* **Aim of the exercise**:
Each record below must come back exactly as written; its pictures must not.
=== Given information ===
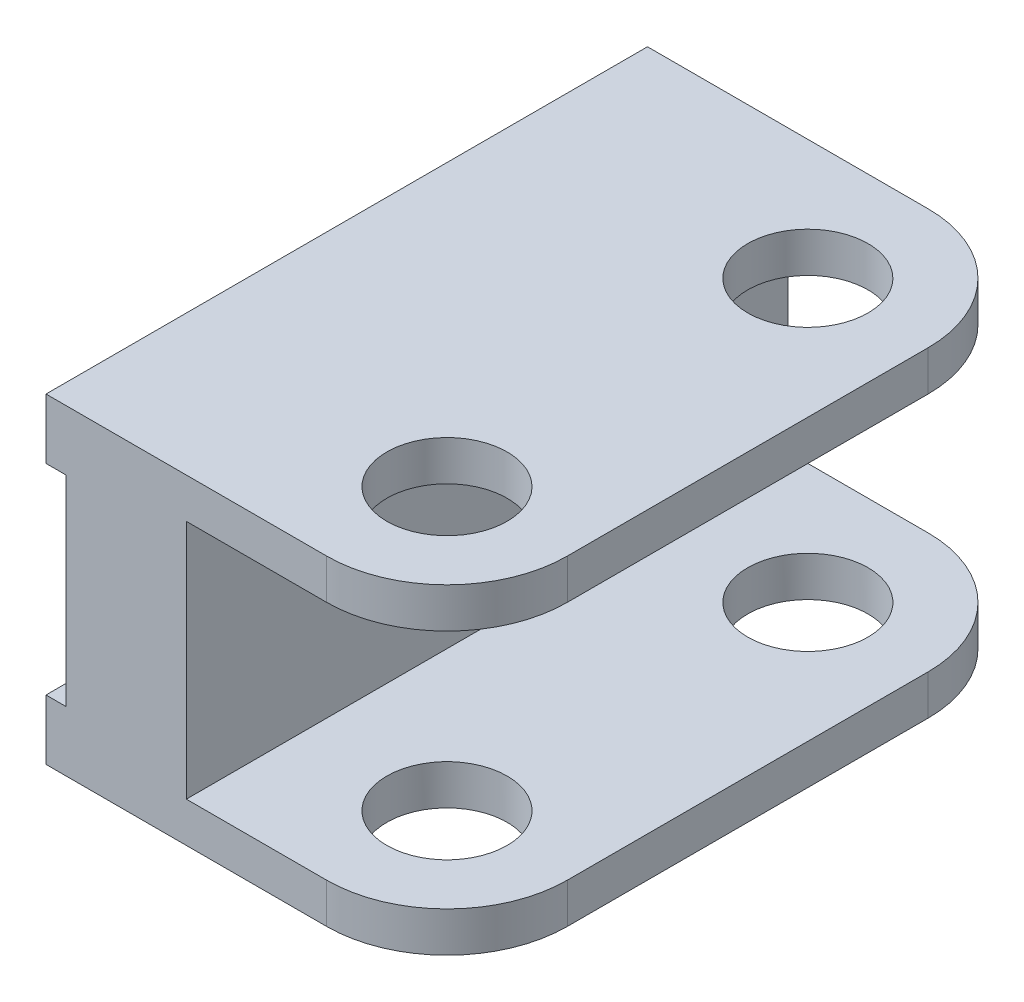
ISO-10303-21;
HEADER;
FILE_DESCRIPTION(('STEP AP214'),'2;1');
FILE_NAME('part.step','',(''),(''),'','','');
FILE_SCHEMA(('AUTOMOTIVE_DESIGN { 1 0 10303 214 1 1 1 1 }'));
ENDSEC;
DATA;
#1=APPLICATION_CONTEXT('core data for automotive mechanical design processes');
#2=APPLICATION_PROTOCOL_DEFINITION('international standard','automotive_design',2000,#1);
#3=PRODUCT_CONTEXT('',#1,'mechanical');
#4=PRODUCT('Part','Part','',(#3));
#5=PRODUCT_RELATED_PRODUCT_CATEGORY('part','',(#4));
#6=PRODUCT_DEFINITION_FORMATION('','',#4);
#7=PRODUCT_DEFINITION_CONTEXT('part definition',#1,'design');
#8=PRODUCT_DEFINITION('design','',#6,#7);
#9=PRODUCT_DEFINITION_SHAPE('','',#8);
#10=(LENGTH_UNIT() NAMED_UNIT(*) SI_UNIT(.MILLI.,.METRE.));
#11=(NAMED_UNIT(*) PLANE_ANGLE_UNIT() SI_UNIT($,.RADIAN.));
#12=(NAMED_UNIT(*) SI_UNIT($,.STERADIAN.) SOLID_ANGLE_UNIT());
#13=UNCERTAINTY_MEASURE_WITH_UNIT(LENGTH_MEASURE(1.E-05),#10,'distance_accuracy_value','');
#14=(GEOMETRIC_REPRESENTATION_CONTEXT(3) GLOBAL_UNCERTAINTY_ASSIGNED_CONTEXT((#13)) GLOBAL_UNIT_ASSIGNED_CONTEXT((#10,
#11,#12)) REPRESENTATION_CONTEXT('',''));
#15=CARTESIAN_POINT('',(0.,0.,0.));
#16=DIRECTION('',(0.,0.,1.));
#17=DIRECTION('',(1.,0.,0.));
#18=AXIS2_PLACEMENT_3D('',#15,#16,#17);
#19=CARTESIAN_POINT('',(0.,0.,150.));
#20=DIRECTION('',(1.,0.,0.));
#21=DIRECTION('',(0.,1.,0.));
#22=AXIS2_PLACEMENT_3D('',#19,#20,#21);
#23=PLANE('',#22);
#24=DIRECTION('',(0.,-1.,0.));
#25=VECTOR('',#24,1.);
#26=CARTESIAN_POINT('',(0.,0.,0.));
#27=LINE('',#26,#25);
#28=CARTESIAN_POINT('',(0.,80.,0.));
#29=VERTEX_POINT('',#28);
#30=CARTESIAN_POINT('',(0.,65.,0.));
#31=VERTEX_POINT('',#30);
#32=EDGE_CURVE('E175',#29,#31,#27,.T.);
#33=ORIENTED_EDGE('',*,*,#32,.T.);
#34=DIRECTION('',(0.,0.,1.));
#35=VECTOR('',#34,1.);
#36=CARTESIAN_POINT('',(0.,65.,0.));
#37=LINE('',#36,#35);
#38=CARTESIAN_POINT('',(0.,65.,150.));
#39=VERTEX_POINT('',#38);
#40=EDGE_CURVE('E176',#31,#39,#37,.T.);
#41=ORIENTED_EDGE('',*,*,#40,.T.);
#42=DIRECTION('',(0.,-1.,0.));
#43=VECTOR('',#42,1.);
#44=CARTESIAN_POINT('',(0.,0.,150.));
#45=LINE('',#44,#43);
#46=CARTESIAN_POINT('',(0.,80.,150.));
#47=VERTEX_POINT('',#46);
#48=EDGE_CURVE('E269',#47,#39,#45,.T.);
#49=ORIENTED_EDGE('',*,*,#48,.F.);
#50=DIRECTION('',(0.,0.,-1.));
#51=VECTOR('',#50,1.);
#52=CARTESIAN_POINT('',(0.,80.,150.));
#53=LINE('',#52,#51);
#54=EDGE_CURVE('E196',#47,#29,#53,.T.);
#55=ORIENTED_EDGE('',*,*,#54,.T.);
#56=EDGE_LOOP('',(#33,#41,#49,#55));
#57=FACE_BOUND('',#56,.T.);
#58=ADVANCED_FACE('F33',(#57),#23,.F.);
#59=CARTESIAN_POINT('',(0.,15.,150.));
#60=VERTEX_POINT('',#59);
#61=CARTESIAN_POINT('',(0.,0.,150.));
#62=VERTEX_POINT('',#61);
#63=EDGE_CURVE('E167',#60,#62,#45,.T.);
#64=ORIENTED_EDGE('',*,*,#63,.F.);
#65=DIRECTION('',(0.,0.,1.));
#66=VECTOR('',#65,1.);
#67=CARTESIAN_POINT('',(0.,15.,0.));
#68=LINE('',#67,#66);
#69=CARTESIAN_POINT('',(0.,15.,0.));
#70=VERTEX_POINT('',#69);
#71=EDGE_CURVE('E152',#70,#60,#68,.T.);
#72=ORIENTED_EDGE('',*,*,#71,.F.);
#73=CARTESIAN_POINT('',(0.,0.,0.));
#74=VERTEX_POINT('',#73);
#75=EDGE_CURVE('E165',#70,#74,#27,.T.);
#76=ORIENTED_EDGE('',*,*,#75,.T.);
#77=DIRECTION('',(0.,0.,-1.));
#78=VECTOR('',#77,1.);
#79=CARTESIAN_POINT('',(0.,0.,150.));
#80=LINE('',#79,#78);
#81=EDGE_CURVE('E217',#62,#74,#80,.T.);
#82=ORIENTED_EDGE('',*,*,#81,.F.);
#83=EDGE_LOOP('',(#64,#72,#76,#82));
#84=FACE_BOUND('',#83,.T.);
#85=ADVANCED_FACE('F163',(#84),#23,.F.);
#86=CARTESIAN_POINT('',(35.,0.,150.));
#87=DIRECTION('',(0.,1.,0.));
#88=DIRECTION('',(0.,0.,1.));
#89=AXIS2_PLACEMENT_3D('',#86,#87,#88);
#90=PLANE('',#89);
#91=CARTESIAN_POINT('',(70.,0.,120.));
#92=DIRECTION('',(0.,1.,0.));
#93=DIRECTION('',(0.,0.,1.));
#94=AXIS2_PLACEMENT_3D('',#91,#92,#93);
#95=CIRCLE('',#94,15.);
#96=CARTESIAN_POINT('',(70.,0.,135.));
#97=VERTEX_POINT('',#96);
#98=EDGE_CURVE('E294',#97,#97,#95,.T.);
===
* **Written solution**:
ISO-10303-21;
HEADER;
FILE_DESCRIPTION(('STEP AP214'),'2;1');
FILE_NAME('part.step','',(''),(''),'','','');
FILE_SCHEMA(('AUTOMOTIVE_DESIGN { 1 0 10303 214 1 1 1 1 }'));
ENDSEC;
DATA;
#1=APPLICATION_CONTEXT('core data for automotive mechanical design processes');
#2=APPLICATION_PROTOCOL_DEFINITION('international standard','automotive_design',2000,#1);
#3=PRODUCT_CONTEXT('',#1,'mechanical');
#4=PRODUCT('Part','Part','',(#3));
#5=PRODUCT_RELATED_PRODUCT_CATEGORY('part','',(#4));
#6=PRODUCT_DEFINITION_FORMATION('','',#4);
#7=PRODUCT_DEFINITION_CONTEXT('part definition',#1,'design');
#8=PRODUCT_DEFINITION('design','',#6,#7);
#9=PRODUCT_DEFINITION_SHAPE('','',#8);
#10=(LENGTH_UNIT() NAMED_UNIT(*) SI_UNIT(.MILLI.,.METRE.));
#11=(NAMED_UNIT(*) PLANE_ANGLE_UNIT() SI_UNIT($,.RADIAN.));
#12=(NAMED_UNIT(*) SI_UNIT($,.STERADIAN.) SOLID_ANGLE_UNIT());
#13=UNCERTAINTY_MEASURE_WITH_UNIT(LENGTH_MEASURE(1.E-05),#10,'distance_accuracy_value','');
#14=(GEOMETRIC_REPRESENTATION_CONTEXT(3) GLOBAL_UNCERTAINTY_ASSIGNED_CONTEXT((#13)) GLOBAL_UNIT_ASSIGNED_CONTEXT((#10,
#11,#12)) REPRESENTATION_CONTEXT('',''));
#15=CARTESIAN_POINT('',(0.,0.,0.));
#16=DIRECTION('',(0.,0.,1.));
#17=DIRECTION('',(1.,0.,0.));
#18=AXIS2_PLACEMENT_3D('',#15,#16,#17);
#19=CARTESIAN_POINT('',(0.,0.,150.));
#20=DIRECTION('',(1.,0.,0.));
#21=DIRECTION('',(0.,1.,0.));
#22=AXIS2_PLACEMENT_3D('',#19,#20,#21);
#23=PLANE('',#22);
#24=DIRECTION('',(0.,-1.,0.));
#25=VECTOR('',#24,1.);
#26=CARTESIAN_POINT('',(0.,0.,0.));
#27=LINE('',#26,#25);
#28=CARTESIAN_POINT('',(0.,80.,0.));
#29=VERTEX_POINT('',#28);
#30=CARTESIAN_POINT('',(0.,65.,0.));
#31=VERTEX_POINT('',#30);
#32=EDGE_CURVE('E175',#29,#31,#27,.T.);
#33=ORIENTED_EDGE('',*,*,#32,.T.);
#34=DIRECTION('',(0.,0.,1.));
#35=VECTOR('',#34,1.);
#36=CARTESIAN_POINT('',(0.,65.,0.));
#37=LINE('',#36,#35);
#38=CARTESIAN_POINT('',(0.,65.,150.));
#39=VERTEX_POINT('',#38);
#40=EDGE_CURVE('E176',#31,#39,#37,.T.);
#41=ORIENTED_EDGE('',*,*,#40,.T.);
#42=DIRECTION('',(0.,-1.,0.));
#43=VECTOR('',#42,1.);
#44=CARTESIAN_POINT('',(0.,0.,150.));
#45=LINE('',#44,#43);
#46=CARTESIAN_POINT('',(0.,80.,150.));
#47=VERTEX_POINT('',#46);
#48=EDGE_CURVE('E269',#47,#39,#45,.T.);
#49=ORIENTED_EDGE('',*,*,#48,.F.);
#50=DIRECTION('',(0.,0.,-1.));
#51=VECTOR('',#50,1.);
#52=CARTESIAN_POINT('',(0.,80.,150.));
#53=LINE('',#52,#51);
#54=EDGE_CURVE('E196',#47,#29,#53,.T.);
#55=ORIENTED_EDGE('',*,*,#54,.T.);
#56=EDGE_LOOP('',(#33,#41,#49,#55));
#57=FACE_BOUND('',#56,.T.);
#58=ADVANCED_FACE('F33',(#57),#23,.F.);
#59=CARTESIAN_POINT('',(0.,15.,150.));
#60=VERTEX_POINT('',#59);
#61=CARTESIAN_POINT('',(0.,0.,150.));
#62=VERTEX_POINT('',#61);
#63=EDGE_CURVE('E167',#60,#62,#45,.T.);
#64=ORIENTED_EDGE('',*,*,#63,.F.);
#65=DIRECTION('',(0.,0.,1.));
#66=VECTOR('',#65,1.);
#67=CARTESIAN_POINT('',(0.,15.,0.));
#68=LINE('',#67,#66);
#69=CARTESIAN_POINT('',(0.,15.,0.));
#70=VERTEX_POINT('',#69);
#71=EDGE_CURVE('E152',#70,#60,#68,.T.);
#72=ORIENTED_EDGE('',*,*,#71,.F.);
#73=CARTESIAN_POINT('',(0.,0.,0.));
#74=VERTEX_POINT('',#73);
#75=EDGE_CURVE('E165',#70,#74,#27,.T.);
#76=ORIENTED_EDGE('',*,*,#75,.T.);
#77=DIRECTION('',(0.,0.,-1.));
#78=VECTOR('',#77,1.);
#79=CARTESIAN_POINT('',(0.,0.,150.));
#80=LINE('',#79,#78);
#81=EDGE_CURVE('E217',#62,#74,#80,.T.);
#82=ORIENTED_EDGE('',*,*,#81,.F.);
#83=EDGE_LOOP('',(#64,#72,#76,#82));
#84=FACE_BOUND('',#83,.T.);
#85=ADVANCED_FACE('F163',(#84),#23,.F.);
#86=CARTESIAN_POINT('',(35.,0.,150.));
#87=DIRECTION('',(0.,1.,0.));
#88=DIRECTION('',(0.,0.,1.));
#89=AXIS2_PLACEMENT_3D('',#86,#87,#88);
#90=PLANE('',#89);
#91=CARTESIAN_POINT('',(70.,0.,120.));
#92=DIRECTION('',(0.,1.,0.));
#93=DIRECTION('',(0.,0.,1.));
#94=AXIS2_PLACEMENT_3D('',#91,#92,#93);
#95=CIRCLE('',#94,15.);
#96=CARTESIAN_POINT('',(70.,0.,135.));
#97=VERTEX_POINT('',#96);
#98=EDGE_CURVE('E294',#97,#97,#95,.T.);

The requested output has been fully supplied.